**Work instruction:** What are the lines from the top of the entries below through the line containing "#7=PRODUCT_DEFINITION_CONTEXT('part definition',#1,'design');"? Return them exactly, both ends included, without the pictures.

(Given information Opens)

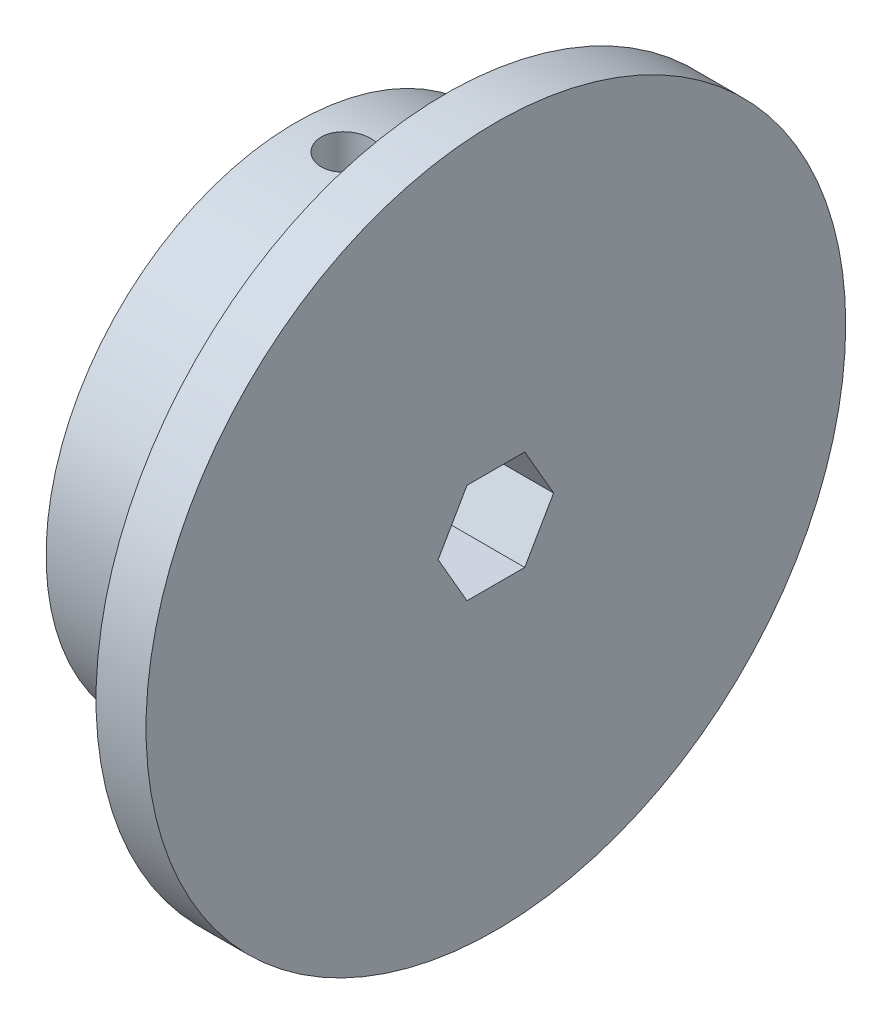
ISO-10303-21;
HEADER;
FILE_DESCRIPTION(('STEP AP214'),'2;1');
FILE_NAME('part.step','',(''),(''),'','','');
FILE_SCHEMA(('AUTOMOTIVE_DESIGN { 1 0 10303 214 1 1 1 1 }'));
ENDSEC;
DATA;
#1=APPLICATION_CONTEXT('core data for automotive mechanical design processes');
#2=APPLICATION_PROTOCOL_DEFINITION('international standard','automotive_design',2000,#1);
#3=PRODUCT_CONTEXT('',#1,'mechanical');
#4=PRODUCT('Part','Part','',(#3));
#5=PRODUCT_RELATED_PRODUCT_CATEGORY('part','',(#4));
#6=PRODUCT_DEFINITION_FORMATION('','',#4);
#7=PRODUCT_DEFINITION_CONTEXT('part definition',#1,'design');
#8=PRODUCT_DEFINITION('design','',#6,#7);
#9=PRODUCT_DEFINITION_SHAPE('','',#8);
#10=(LENGTH_UNIT() NAMED_UNIT(*) SI_UNIT(.MILLI.,.METRE.));
#11=(NAMED_UNIT(*) PLANE_ANGLE_UNIT() SI_UNIT($,.RADIAN.));
#12=(NAMED_UNIT(*) SI_UNIT($,.STERADIAN.) SOLID_ANGLE_UNIT());
#13=UNCERTAINTY_MEASURE_WITH_UNIT(LENGTH_MEASURE(1.E-05),#10,'distance_accuracy_value','');
#14=(GEOMETRIC_REPRESENTATION_CONTEXT(3) GLOBAL_UNCERTAINTY_ASSIGNED_CONTEXT((#13)) GLOBAL_UNIT_ASSIGNED_CONTEXT((#10,
#11,#12)) REPRESENTATION_CONTEXT('',''));
#15=CARTESIAN_POINT('',(0.,0.,0.));
#16=DIRECTION('',(0.,0.,1.));
#17=DIRECTION('',(1.,0.,0.));
#18=AXIS2_PLACEMENT_3D('',#15,#16,#17);
#19=CARTESIAN_POINT('',(6.35,0.,0.));
#20=DIRECTION('',(1.,0.,0.));
#21=DIRECTION('',(0.,0.,-1.));
#22=AXIS2_PLACEMENT_3D('',#19,#20,#21);
#23=PLANE('',#22);
#24=CARTESIAN_POINT('',(6.35,0.,0.));
#25=DIRECTION('',(1.,0.,0.));
#26=DIRECTION('',(0.,0.,-1.));
#27=AXIS2_PLACEMENT_3D('',#24,#25,#26);
#28=CIRCLE('',#27,44.45);
#29=CARTESIAN_POINT('',(6.35,0.,-44.45));
#30=VERTEX_POINT('',#29);
#31=EDGE_CURVE('E11',#30,#30,#28,.T.);
#32=ORIENTED_EDGE('',*,*,#31,.T.);
#33=EDGE_LOOP('',(#32));
#34=FACE_BOUND('',#33,.T.);
#35=DIRECTION('',(0.,0.866025403784438,-0.5));
#36=VECTOR('',#35,1.);
#37=CARTESIAN_POINT('',(6.35,-6.35,-3.66617420935412));
#38=LINE('',#37,#36);
#39=CARTESIAN_POINT('',(6.35,-6.35,-3.66617420935412));
#40=VERTEX_POINT('',#39);
#41=CARTESIAN_POINT('',(6.35,0.,-7.33234841870825));
#42=VERTEX_POINT('',#41);
#43=EDGE_CURVE('E154',#40,#42,#38,.T.);
#44=ORIENTED_EDGE('',*,*,#43,.F.);
#45=DIRECTION('',(0.,0.,-1.));
#46=VECTOR('',#45,1.);
#47=CARTESIAN_POINT('',(6.35,-6.35,3.66617420935412));
#48=LINE('',#47,#46);
#49=CARTESIAN_POINT('',(6.35,-6.35,3.66617420935412));
#50=VERTEX_POINT('',#49);
#51=EDGE_CURVE('E148',#50,#40,#48,.T.);
#52=ORIENTED_EDGE('',*,*,#51,.F.);
#53=DIRECTION('',(0.,-0.866025403784439,-0.5));
#54=VECTOR('',#53,1.);
#55=CARTESIAN_POINT('',(6.35,0.,7.33234841870825));
#56=LINE('',#55,#54);
#57=CARTESIAN_POINT('',(6.35,0.,7.33234841870825));
#58=VERTEX_POINT('',#57);
#59=EDGE_CURVE('E67',#58,#50,#56,.T.);
#60=ORIENTED_EDGE('',*,*,#59,.F.);
#61=DIRECTION('',(0.,-0.866025403784438,0.5));
#62=VECTOR('',#61,1.);
#63=CARTESIAN_POINT('',(6.35,6.35,3.66617420935413));
#64=LINE('',#63,#62);
#65=CARTESIAN_POINT('',(6.35,6.35,3.66617420935413));
#66=VERTEX_POINT('',#65);
#67=EDGE_CURVE('E104',#66,#58,#64,.T.);
#68=ORIENTED_EDGE('',*,*,#67,.F.);
#69=DIRECTION('',(0.,0.,1.));
#70=VECTOR('',#69,1.);
#71=CARTESIAN_POINT('',(6.35,6.35,-3.66617420935412));
#72=LINE('',#71,#70);
#73=CARTESIAN_POINT('',(6.35,6.35,-3.66617420935412));
#74=VERTEX_POINT('',#73);
#75=EDGE_CURVE('E160',#74,#66,#72,.T.);
#76=ORIENTED_EDGE('',*,*,#75,.F.);
#77=DIRECTION('',(0.,0.866025403784439,0.5));
#78=VECTOR('',#77,1.);
#79=CARTESIAN_POINT('',(6.35,0.,-7.33234841870825));
#80=LINE('',#79,#78);
#81=EDGE_CURVE('E157',#42,#74,#80,.T.);
#82=ORIENTED_EDGE('',*,*,#81,.F.);
#83=EDGE_LOOP('',(#44,#52,#60,#68,#76,#82));
#84=FACE_BOUND('',#83,.T.);
#85=ADVANCED_FACE('F39',(#34,#84),#23,.T.);
#86=CARTESIAN_POINT('',(0.,0.,0.));
#87=DIRECTION('',(1.,0.,0.));
#88=DIRECTION('',(0.,0.,-1.));
#89=AXIS2_PLACEMENT_3D('',#86,#87,#88);
#90=PLANE('',#89);
#91=CARTESIAN_POINT('',(0.,0.,0.));
#92=DIRECTION('',(1.,0.,0.));
#93=DIRECTION('',(0.,0.,-1.));
#94=AXIS2_PLACEMENT_3D('',#91,#92,#93);
#95=CIRCLE('',#94,31.75);
#96=CARTESIAN_POINT('',(0.,0.,-31.75));
#97=VERTEX_POINT('',#96);
#98=EDGE_CURVE('E143',#97,#97,#95,.T.);
#99=ORIENTED_EDGE('',*,*,#98,.T.);
#100=EDGE_LOOP('',(#99));
#101=FACE_BOUND('',#100,.T.);
#102=CARTESIAN_POINT('',(0.,0.,0.));
#103=DIRECTION('',(1.,0.,0.));
#104=DIRECTION('',(0.,0.,-1.));
#105=AXIS2_PLACEMENT_3D('',#102,#103,#104);
#106=CIRCLE('',#105,44.45);
#107=CARTESIAN_POINT('',(0.,0.,-44.45));
#108=VERTEX_POINT('',#107);
#109=EDGE_CURVE('E54',#108,#108,#106,.T.);
#110=ORIENTED_EDGE('',*,*,#109,.F.);
#111=EDGE_LOOP('',(#110));
#112=FACE_BOUND('',#111,.T.);
#113=ADVANCED_FACE('F204',(#101,#112),#90,.F.);
#114=CARTESIAN_POINT('',(6.35,0.,0.));
#115=DIRECTION('',(-1.,0.,0.));
#116=DIRECTION('',(0.,0.,1.));
#117=AXIS2_PLACEMENT_3D('',#114,#115,#116);
#118=CYLINDRICAL_SURFACE('',#117,44.45);
#119=ORIENTED_EDGE('',*,*,#31,.F.);
#120=EDGE_LOOP('',(#119));
#121=FACE_BOUND('',#120,.T.);
#122=ORIENTED_EDGE('',*,*,#109,.T.);
#123=EDGE_LOOP('',(#122));
#124=FACE_BOUND('',#123,.T.);
#125=ADVANCED_FACE('F41',(#121,#124),#118,.T.);
#126=CARTESIAN_POINT('',(6.35,-6.35,3.66617420935412));
#127=DIRECTION('',(0.,1.,0.));
#128=DIRECTION('',(0.,0.,1.));
#129=AXIS2_PLACEMENT_3D('',#126,#127,#128);
#130=PLANE('',#129);
#131=CARTESIAN_POINT('',(-12.7,-6.35,0.));
#132=DIRECTION('',(0.,1.,0.));
#133=DIRECTION('',(0.,0.,1.));
#134=AXIS2_PLACEMENT_3D('',#131,#132,#133);
#135=CIRCLE('',#134,3.1396229810612);
#136=CARTESIAN_POINT('',(-12.7,-6.35,3.1396229810612));
#137=VERTEX_POINT('',#136);
#138=EDGE_CURVE('E124',#137,#137,#135,.T.);
#139=ORIENTED_EDGE('',*,*,#138,.F.);
#140=EDGE_LOOP('',(#139));
#141=FACE_BOUND('',#140,.T.);
#142=DIRECTION('',(-1.,0.,0.));
#143=VECTOR('',#142,1.);
#144=CARTESIAN_POINT('',(6.35,-6.35,-3.66617420935412));
#145=LINE('',#144,#143);
#146=CARTESIAN_POINT('',(-19.05,-6.35,-3.66617420935413));
#147=VERTEX_POINT('',#146);
#148=EDGE_CURVE('E177',#40,#147,#145,.T.);
#149=ORIENTED_EDGE('',*,*,#148,.T.);
#150=DIRECTION('',(0.,0.,-1.));
#151=VECTOR('',#150,1.);
#152=CARTESIAN_POINT('',(-19.05,-6.35,3.66617420935412));
#153=LINE('',#152,#151);
#154=CARTESIAN_POINT('',(-19.05,-6.35,3.66617420935412));
#155=VERTEX_POINT('',#154);
#156=EDGE_CURVE('E116',#155,#147,#153,.T.);
#157=ORIENTED_EDGE('',*,*,#156,.F.);
#158=DIRECTION('',(-1.,0.,0.));
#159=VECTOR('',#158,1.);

(Given information Closes)

**Response:**
ISO-10303-21;
HEADER;
FILE_DESCRIPTION(('STEP AP214'),'2;1');
FILE_NAME('part.step','',(''),(''),'','','');
FILE_SCHEMA(('AUTOMOTIVE_DESIGN { 1 0 10303 214 1 1 1 1 }'));
ENDSEC;
DATA;
#1=APPLICATION_CONTEXT('core data for automotive mechanical design processes');
#2=APPLICATION_PROTOCOL_DEFINITION('international standard','automotive_design',2000,#1);
#3=PRODUCT_CONTEXT('',#1,'mechanical');
#4=PRODUCT('Part','Part','',(#3));
#5=PRODUCT_RELATED_PRODUCT_CATEGORY('part','',(#4));
#6=PRODUCT_DEFINITION_FORMATION('','',#4);
#7=PRODUCT_DEFINITION_CONTEXT('part definition',#1,'design');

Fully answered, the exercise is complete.